**MATERIAL FOR THIS TASK**

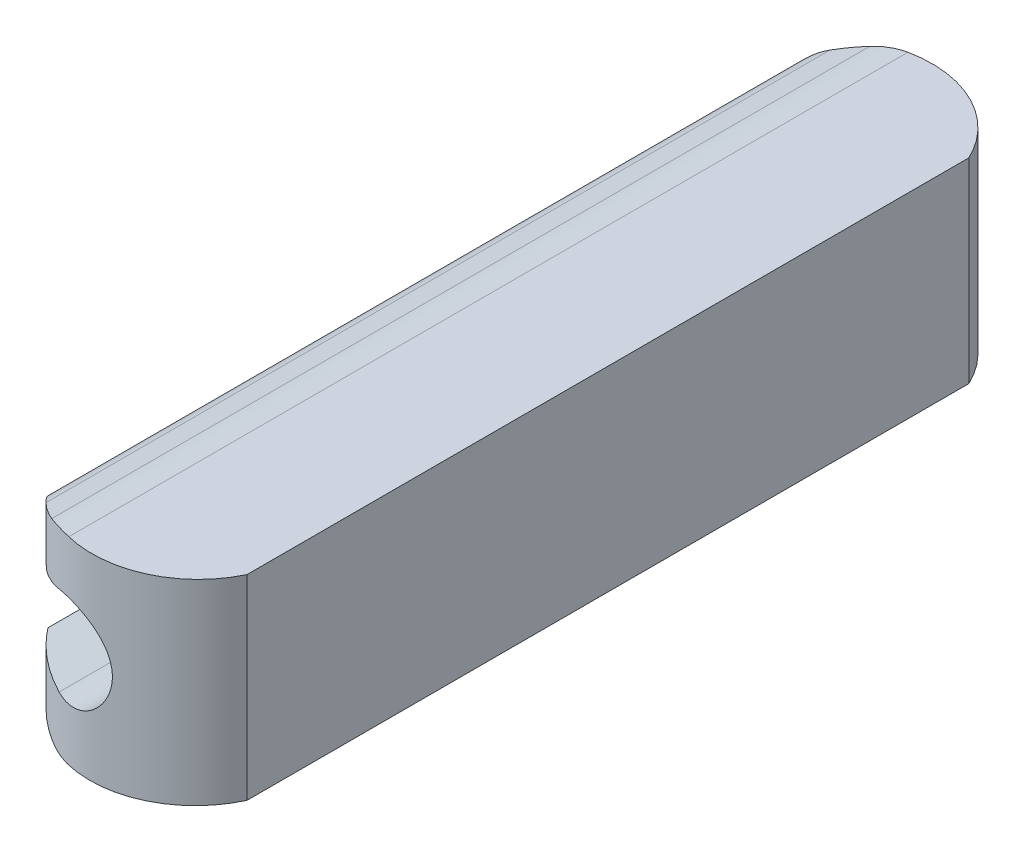
ISO-10303-21;
HEADER;
FILE_DESCRIPTION(('STEP AP214'),'2;1');
FILE_NAME('part.step','',(''),(''),'','','');
FILE_SCHEMA(('AUTOMOTIVE_DESIGN { 1 0 10303 214 1 1 1 1 }'));
ENDSEC;
DATA;
#1=APPLICATION_CONTEXT('core data for automotive mechanical design processes');
#2=APPLICATION_PROTOCOL_DEFINITION('international standard','automotive_design',2000,#1);
#3=PRODUCT_CONTEXT('',#1,'mechanical');
#4=PRODUCT('Part','Part','',(#3));
#5=PRODUCT_RELATED_PRODUCT_CATEGORY('part','',(#4));
#6=PRODUCT_DEFINITION_FORMATION('','',#4);
#7=PRODUCT_DEFINITION_CONTEXT('part definition',#1,'design');
#8=PRODUCT_DEFINITION('design','',#6,#7);
#9=PRODUCT_DEFINITION_SHAPE('','',#8);
#10=(LENGTH_UNIT() NAMED_UNIT(*) SI_UNIT(.MILLI.,.METRE.));
#11=(NAMED_UNIT(*) PLANE_ANGLE_UNIT() SI_UNIT($,.RADIAN.));
#12=(NAMED_UNIT(*) SI_UNIT($,.STERADIAN.) SOLID_ANGLE_UNIT());
#13=UNCERTAINTY_MEASURE_WITH_UNIT(LENGTH_MEASURE(1.E-05),#10,'distance_accuracy_value','');
#14=(GEOMETRIC_REPRESENTATION_CONTEXT(3) GLOBAL_UNCERTAINTY_ASSIGNED_CONTEXT((#13)) GLOBAL_UNIT_ASSIGNED_CONTEXT((#10,
#11,#12)) REPRESENTATION_CONTEXT('',''));
#15=CARTESIAN_POINT('',(0.,0.,0.));
#16=DIRECTION('',(0.,0.,1.));
#17=DIRECTION('',(1.,0.,0.));
#18=AXIS2_PLACEMENT_3D('',#15,#16,#17);
#19=CARTESIAN_POINT('',(-2.45293322950602,-1.69036477014939,16.));
#20=DIRECTION('',(-0.258821432514505,-0.965925186580793,0.));
#21=DIRECTION('',(0.965925186580793,-0.258821432514505,0.));
#22=AXIS2_PLACEMENT_3D('',#19,#20,#21);
#23=PLANE('',#22);
#24=DIRECTION('',(0.,0.,-1.));
#25=VECTOR('',#24,1.);
#26=CARTESIAN_POINT('',(-2.45293322950602,-1.69036477014939,16.));
#27=LINE('',#26,#25);
#28=CARTESIAN_POINT('',(-2.45293322950602,-1.69036477014939,15.7388461950632));
#29=VERTEX_POINT('',#28);
#30=CARTESIAN_POINT('',(-2.45293322950602,-1.69036477014939,-15.7388461950631));
#31=VERTEX_POINT('',#30);
#32=EDGE_CURVE('E170',#29,#31,#27,.T.);
#33=ORIENTED_EDGE('',*,*,#32,.T.);
#34=CARTESIAN_POINT('',(-1.030884728903,-2.07140528461618,-11.9977162722063));
#35=DIRECTION('',(-0.258821432514505,-0.965925186580793,0.));
#36=DIRECTION('',(-0.965925186580793,0.258821432514505,0.));
#37=AXIS2_PLACEMENT_3D('',#34,#35,#36);
#38=ELLIPSE('',#37,4.14347175474436,4.00228372779369);
#39=CARTESIAN_POINT('',(-4.28299140657226,-1.19999731151645,-14.3305422826111));
#40=VERTEX_POINT('',#39);
#41=EDGE_CURVE('E273',#31,#40,#38,.F.);
#42=ORIENTED_EDGE('',*,*,#41,.T.);
#43=DIRECTION('',(0.,0.,-1.));
#44=VECTOR('',#43,1.);
#45=CARTESIAN_POINT('',(-4.28299140657226,-1.19999731151645,16.));
#46=LINE('',#45,#44);
#47=CARTESIAN_POINT('',(-4.28299140657226,-1.19999731151645,14.3305422826111));
#48=VERTEX_POINT('',#47);
#49=EDGE_CURVE('E190',#48,#40,#46,.T.);
#50=ORIENTED_EDGE('',*,*,#49,.F.);
#51=CARTESIAN_POINT('',(-1.030884728903,-2.07140528461618,11.9977162722063));
#52=DIRECTION('',(-0.258821432514505,-0.965925186580793,0.));
#53=DIRECTION('',(-0.965925186580793,0.258821432514505,0.));
#54=AXIS2_PLACEMENT_3D('',#51,#52,#53);
#55=ELLIPSE('',#54,4.14347175474436,4.00228372779369);
#56=EDGE_CURVE('E320',#48,#29,#55,.F.);
#57=ORIENTED_EDGE('',*,*,#56,.T.);
#58=EDGE_LOOP('',(#33,#42,#50,#57));
#59=FACE_BOUND('',#58,.T.);
#60=ADVANCED_FACE('F38',(#59),#23,.F.);
#61=CARTESIAN_POINT('',(-4.80063427160127,-3.13184768467804,16.));
#62=DIRECTION('',(-0.965925186580793,0.258821432514504,0.));
#63=DIRECTION('',(-0.258821432514505,-0.965925186580793,0.));
#64=AXIS2_PLACEMENT_3D('',#61,#62,#63);
#65=PLANE('',#64);
#66=CARTESIAN_POINT('',(-1.030884728903,10.9369100492458,-11.9977162722063));
#67=DIRECTION('',(-0.965925186580793,0.258821432514504,0.));
#68=DIRECTION('',(0.258821432514505,0.965925186580793,0.));
#69=AXIS2_PLACEMENT_3D('',#66,#67,#68);
#70=ELLIPSE('',#69,15.4634942280887,4.00228372779369);
#71=CARTESIAN_POINT('',(-4.54181283908676,-2.16592249809725,-13.9190852744762));
#72=VERTEX_POINT('',#71);
#73=EDGE_CURVE('E271',#72,#40,#70,.F.);
#74=ORIENTED_EDGE('',*,*,#73,.F.);
#75=DIRECTION('',(0.,0.,-1.));
#76=VECTOR('',#75,1.);
#77=CARTESIAN_POINT('',(-4.54181283908676,-2.16592249809725,16.));
#78=LINE('',#77,#76);
#79=CARTESIAN_POINT('',(-4.54181283908676,-2.16592249809725,13.9190852744762));
#80=VERTEX_POINT('',#79);
#81=EDGE_CURVE('E196',#72,#80,#78,.F.);
#82=ORIENTED_EDGE('',*,*,#81,.T.);
#83=CARTESIAN_POINT('',(-1.030884728903,10.9369100492458,11.9977162722063));
#84=DIRECTION('',(-0.965925186580793,0.258821432514504,0.));
#85=DIRECTION('',(0.258821432514505,0.965925186580793,0.));
#86=AXIS2_PLACEMENT_3D('',#83,#84,#85);
#87=ELLIPSE('',#86,15.4634942280887,4.00228372779369);
#88=EDGE_CURVE('E322',#48,#80,#87,.F.);
#89=ORIENTED_EDGE('',*,*,#88,.F.);
#90=ORIENTED_EDGE('',*,*,#49,.T.);
#91=EDGE_LOOP('',(#74,#82,#89,#90));
#92=FACE_BOUND('',#91,.T.);
#93=ADVANCED_FACE('F338',(#92),#65,.T.);
#94=CARTESIAN_POINT('',(-2.97057609453502,-3.62221514331097,16.));
#95=DIRECTION('',(-0.258821432514505,-0.965925186580793,0.));
#96=DIRECTION('',(0.965925186580793,-0.258821432514505,0.));
#97=AXIS2_PLACEMENT_3D('',#94,#95,#96);
#98=PLANE('',#97);
#99=CARTESIAN_POINT('',(-1.030884728903,-4.14195901671178,-11.9977162722063));
#100=DIRECTION('',(-0.258821432514505,-0.965925186580793,0.));
#101=DIRECTION('',(-0.965925186580793,0.258821432514505,0.));
#102=AXIS2_PLACEMENT_3D('',#99,#100,#101);
#103=ELLIPSE('',#102,4.14347175474436,4.00228372779369);
#104=CARTESIAN_POINT('',(-2.97057609453502,-3.62221514331097,-15.49855509224));
#105=VERTEX_POINT('',#104);
#106=CARTESIAN_POINT('',(-3.83470908502047,-3.39066911719254,-14.8537351828238));
#107=VERTEX_POINT('',#106);
#108=EDGE_CURVE('E262',#105,#107,#103,.F.);
#109=ORIENTED_EDGE('',*,*,#108,.F.);
#110=DIRECTION('',(0.,0.,-1.));
#111=VECTOR('',#110,1.);
#112=CARTESIAN_POINT('',(-2.97057609453502,-3.62221514331097,16.));
#113=LINE('',#112,#111);
#114=CARTESIAN_POINT('',(-2.97057609453502,-3.62221514331097,15.49855509224));
#115=VERTEX_POINT('',#114);
#116=EDGE_CURVE('E187',#115,#105,#113,.T.);
#117=ORIENTED_EDGE('',*,*,#116,.F.);
#118=CARTESIAN_POINT('',(-1.030884728903,-4.14195901671178,11.9977162722063));
#119=DIRECTION('',(-0.258821432514505,-0.965925186580793,0.));
#120=DIRECTION('',(-0.965925186580793,0.258821432514505,0.));
#121=AXIS2_PLACEMENT_3D('',#118,#119,#120);
#122=ELLIPSE('',#121,4.14347175474436,4.00228372779369);
#123=CARTESIAN_POINT('',(-3.83470908502047,-3.39066911719254,14.8537351828238));
#124=VERTEX_POINT('',#123);
#125=EDGE_CURVE('E244',#124,#115,#122,.F.);
#126=ORIENTED_EDGE('',*,*,#125,.F.);
#127=DIRECTION('',(0.,0.,-1.));
#128=VECTOR('',#127,1.);
#129=CARTESIAN_POINT('',(-3.83470908502047,-3.39066911719254,16.));
#130=LINE('',#129,#128);
#131=EDGE_CURVE('E193',#124,#107,#130,.T.);
#132=ORIENTED_EDGE('',*,*,#131,.T.);
#133=EDGE_LOOP('',(#109,#117,#126,#132));
#134=FACE_BOUND('',#133,.T.);
#135=ADVANCED_FACE('F291',(#134),#98,.T.);
#136=CARTESIAN_POINT('',(-2.97057609453502,3.62222052027807,16.));
#137=DIRECTION('',(-0.258821432514505,0.965925186580793,0.));
#138=DIRECTION('',(-0.965925186580793,-0.258821432514505,0.));
#139=AXIS2_PLACEMENT_3D('',#136,#137,#138);
#140=PLANE('',#139);
#141=CARTESIAN_POINT('',(-1.030884728903,4.14196439367887,-11.9977162722063));
#142=DIRECTION('',(-0.258821432514505,0.965925186580793,0.));
#143=DIRECTION('',(0.965925186580793,0.258821432514505,0.));
#144=AXIS2_PLACEMENT_3D('',#141,#142,#143);
#145=ELLIPSE('',#144,4.14347175474436,4.00228372779369);
#146=CARTESIAN_POINT('',(-3.83470908502047,3.39067449415964,-14.8537351828238));
#147=VERTEX_POINT('',#146);
#148=CARTESIAN_POINT('',(-2.97057499451313,3.62222081503063,-15.4985557017231));
#149=VERTEX_POINT('',#148);
#150=EDGE_CURVE('E309',#147,#149,#145,.F.);
#151=ORIENTED_EDGE('',*,*,#150,.F.);
#152=DIRECTION('',(0.,0.,-1.));
#153=VECTOR('',#152,1.);
#154=CARTESIAN_POINT('',(-3.83470908502047,3.39067449415964,16.));
#155=LINE('',#154,#153);
#156=CARTESIAN_POINT('',(-3.83470908502047,3.39067449415964,14.8537351828238));
#157=VERTEX_POINT('',#156);
#158=EDGE_CURVE('E202',#147,#157,#155,.F.);
#159=ORIENTED_EDGE('',*,*,#158,.T.);
#160=CARTESIAN_POINT('',(-1.030884728903,4.14196439367887,11.9977162722063));
#161=DIRECTION('',(-0.258821432514505,0.965925186580793,0.));
#162=DIRECTION('',(0.965925186580793,0.258821432514505,0.));
#163=AXIS2_PLACEMENT_3D('',#160,#161,#162);
#164=ELLIPSE('',#163,4.14347175474436,4.00228372779369);
#165=CARTESIAN_POINT('',(-2.97057499451313,3.62222081503063,15.4985557017231));
#166=VERTEX_POINT('',#165);
#167=EDGE_CURVE('E66',#166,#157,#164,.F.);
#168=ORIENTED_EDGE('',*,*,#167,.F.);
#169=DIRECTION('',(0.,0.,-1.));
#170=VECTOR('',#169,1.);
#171=CARTESIAN_POINT('',(-2.97057499451313,3.62222081503063,16.));
#172=LINE('',#171,#170);
#173=EDGE_CURVE('E184',#166,#149,#172,.T.);
#174=ORIENTED_EDGE('',*,*,#173,.T.);
#175=EDGE_LOOP('',(#151,#159,#168,#174));
#176=FACE_BOUND('',#175,.T.);
#177=ADVANCED_FACE('F289',(#176),#140,.T.);
#178=CARTESIAN_POINT('',(-4.28299140657226,1.20000268848355,16.));
#179=DIRECTION('',(-0.965925186580793,-0.258821432514504,0.));
#180=DIRECTION('',(0.258821432514504,-0.965925186580793,0.));
#181=AXIS2_PLACEMENT_3D('',#178,#179,#180);
#182=PLANE('',#181);
#183=CARTESIAN_POINT('',(-1.030884728903,-10.9369046722787,-11.9977162722063));
#184=DIRECTION('',(-0.965925186580793,-0.258821432514504,0.));
#185=DIRECTION('',(-0.258821432514504,0.965925186580793,0.));
#186=AXIS2_PLACEMENT_3D('',#183,#184,#185);
#187=ELLIPSE('',#186,15.4634942280887,4.00228372779369);
#188=CARTESIAN_POINT('',(-4.28299140657226,1.20000268848355,-14.3305422826111));
#189=VERTEX_POINT('',#188);
#190=CARTESIAN_POINT('',(-4.54181283908676,2.16592787506434,-13.9190852744762));
#191=VERTEX_POINT('',#190);
#192=EDGE_CURVE('E58',#189,#191,#187,.F.);
#193=ORIENTED_EDGE('',*,*,#192,.F.);
#194=DIRECTION('',(0.,0.,-1.));
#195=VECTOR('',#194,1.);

**PROBLEM TO WORK ON**
For the listing above, print only the lines starting at the line containing "#96=DIRECTION('',(0.965925186580793,-0.258821432514505,0.));" and ending at the line containing "#103=ELLIPSE('',#102,4.14347175474436,4.00228372779369);", exactly, both included.

**ANSWER FOR THE TASK**
#96=DIRECTION('',(0.965925186580793,-0.258821432514505,0.));
#97=AXIS2_PLACEMENT_3D('',#94,#95,#96);
#98=PLANE('',#97);
#99=CARTESIAN_POINT('',(-1.030884728903,-4.14195901671178,-11.9977162722063));
#100=DIRECTION('',(-0.258821432514505,-0.965925186580793,0.));
#101=DIRECTION('',(-0.965925186580793,0.258821432514505,0.));
#102=AXIS2_PLACEMENT_3D('',#99,#100,#101);
#103=ELLIPSE('',#102,4.14347175474436,4.00228372779369);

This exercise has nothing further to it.